I’m not interested in putting style like a filter over content. I want to choose an appropriate media for this or that message. It’s much more inspiring to be flexible with a content and form – some things can be better expressed in video, others in drawing. Contemporary art can be interesting or boring, like any other art. Sometimes contemporary art has this first “wow” effect, but if you look closer, there’s no depth or foundation. I like art, which has more than one approach, and which doesn’t explain everything. And the monumental sculpture (note: “Heinz”, in Lucerne)
was necessary, because there was a continuous relation to my other work I made right at that place.
“Heinz”, the sculpture of a retired street sweeper in Lucerne
One of your publishing projects includes as many as 450 drawings, originating from dreams and imagination. Who of the Swiss artists of the 20th century influenced you most? Do you feel some “Swiss” perspective or artistic vision?
To me night dreams are part of reality.

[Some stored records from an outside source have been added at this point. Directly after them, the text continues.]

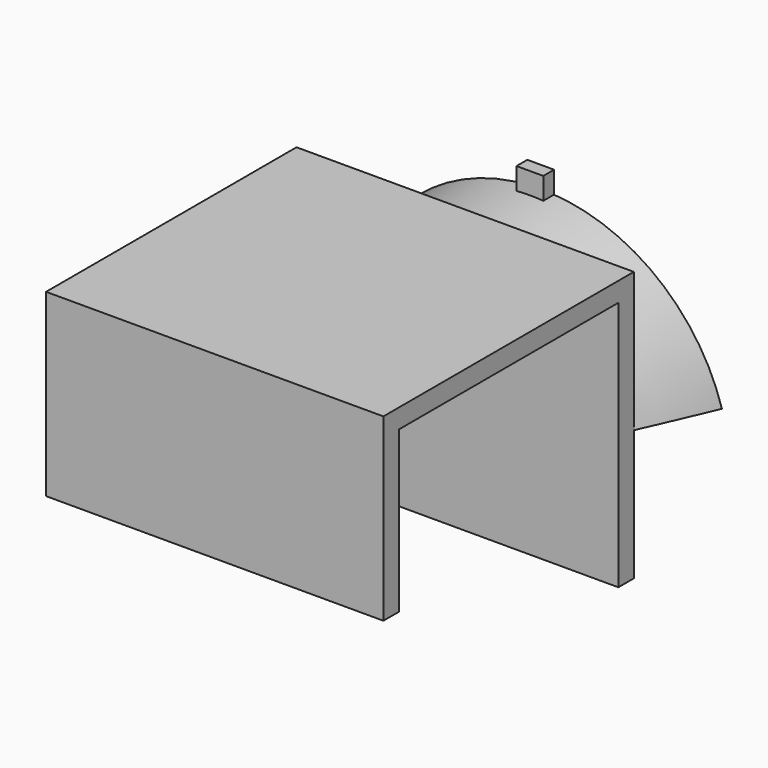
from build123d import *

# Parameters (mm, degrees)
F0_W                     = 4.3
F0_H                     = 55.7
F1_DEPTH                 = 75
F3_DEPTH                 = 21
DRAFT_F3_DRAFTED_ANGLE   = -4
F2_R                     = 6
DRAFT_F3_2_DRAFTED_ANGLE = -4
F5_DEPTH                 = 3
F4_W                     = 5.9588879347
F4_H                     = 15.3961649239


# Not quite as in the source:
# - an extrude with a draft is written as a straight extrude whose walls are then drafted


with BuildPart() as f1:
    # F0 (on Right) → F1 (new body)
    with BuildSketch(Plane.YZ):
        Polygon((-65.3, 60), (-69.6, 60), (-69.6, 20), (-65.3, 20), (-65.3, 55.7), align=None)
        Polygon((0, 60), (-65.3, 60), (-65.3, 55.7), (-4.3, 55.7), (0, 55.7), align=None)
        with Locations((-2.15, 27.85)):
            Rectangle(F0_W, F0_H)
    extrude(amount=F1_DEPTH)


with BuildPart() as f3_drafted:
    # F2 (on face) → F3 (new body)
    with BuildSketch(Plane(origin=(0, 0, 0), x_dir=(-1, 0, 0), z_dir=(0, 1, 0))):
        with BuildLine():
            ThreePointArc((-75, 29), (-37.5, 39), (0, 29))
            ThreePointArc((0, 29), (-37.5, 54), (-75, 29))
        make_face()
    extrude(amount=F3_DEPTH)

    # draft_F3_drafted
    draft_f3_drafted_walls = [f3_drafted.faces().sort_by_distance(p)[0] for p in [
        (37.5, 14, 39),
        (37.5, 14, 54),
    ]]
    draft(draft_f3_drafted_walls, neutral_plane=Plane(origin=(0, 0, 0), x_dir=(-1, 0, 0), z_dir=(0, 1, 0)), angle=DRAFT_F3_DRAFTED_ANGLE)


with BuildPart() as f1_1:
    add(f1.part)

    # join_F3_drafted: union F3_drafted
    add(f3_drafted.part)


with BuildPart() as f3_2_drafted:
    # F2 (on face) → F3, piece 2 (new body)
    with BuildSketch(Plane(origin=(0, 0, 0), x_dir=(-1, 0, 0), z_dir=(0, 1, 0))):
        with Locations((-37.5, 9)):
            Circle(F2_R)
    extrude(amount=F3_DEPTH)

    # draft_F3_2_drafted
    draft_f3_2_drafted_walls = [f3_2_drafted.faces().sort_by_distance(p)[0] for p in [
        (43.5, 14, 9),
    ]]
    draft(draft_f3_2_drafted_walls, neutral_plane=Plane(origin=(0, 0, 0), x_dir=(-1, 0, 0), z_dir=(0, 1, 0)), angle=DRAFT_F3_2_DRAFTED_ANGLE)


with BuildPart() as f1_2:
    add(f1_1.part)

    # join_F3_2_drafted: union F3_2_drafted
    add(f3_2_drafted.part)

    # F4 (on face) → F5, piece 2 (join)
    with BuildSketch(Plane(origin=(0, 21, 0), x_dir=(-1, 0, 0), z_dir=(0, 1, 0))):
        with Locations((-37.5, 13.375)):
            Rectangle(F4_W, F4_H)
    extrude(amount=-F5_DEPTH)


with BuildPart() as f5:
    # F4 (on face) → F5 (new body)
    with BuildSketch(Plane(origin=(0, 21, 0), x_dir=(-1, 0, 0), z_dir=(0, 1, 0))):
        with BuildLine():
            Line((-40.4794439673, 60.2324263691), (-40.4794439673, 55.3628856964))
            ThreePointArc((-40.4794439673, 55.3628856964), (-37.5, 55.4684630508), (-34.5205560327, 55.3628856964))
            Line((-34.5205560327, 55.3628856964), (-34.5205560327, 60.2324263691))
            Line((-34.5205560327, 60.2324263691), (-40.4794439673, 60.2324263691))
        make_face()
    extrude(amount=-F5_DEPTH)


solid = Compound([f1_2.part, f5.part])

I made these 450 sketches, because I was there and have seen this – in a way they are also reportage drawings. In contrast to the Surrealists, I don’t use it as material to transform into something else, but to document it. I don’t know if there’s any Swiss perspective. Some Swiss artists, like Fischli & Weiss, for instance, work with subtle humour. I like when art also has a self-ironic attitude.
Have you had any preconceptions before coming to Russia? How different has it been in reality?
I knew Russia only from newspapers, TV, films and art, and I'm informed about the current economic and political developments. To me, as a visitor, it seemed to be a very special atmosphere everywhere, which was, in a way, fascinating. As I walked around, I was “flashed” about so many details and astonishing moments. But the ambience felt also very different from the Western countries I’m used to. I was, for example, surprised that public space is used in another way. Inside the cities I don’t remember seeing a street café or people sitting on the lawns in a park. Maybe in big cities, like Moscow or St. Petersburg, it’s different, but that’s what caught my eye.
Russian trip series. Sketches taken in Vladivostok and Khabarovsk
Has the trip to Russia instigated any creative ideas or projects? Would you like to come back to Russia?
For sure, the trip left some traces that I can use creatively. But more like a general inspiration, not in a specific way. I would like to visit Russia again, maybe with my bicycle. But first I have to finish my dream project I’m working on now – it will open in the Cartoonmuseum Basel in March 2020. By the way, this month the museum in Basel hosts an exhibition of artworks of Victoria Lomasko, the great Russian artist. I admire her reportage drawings and it’s great that cultural ties between our two countries are expanding.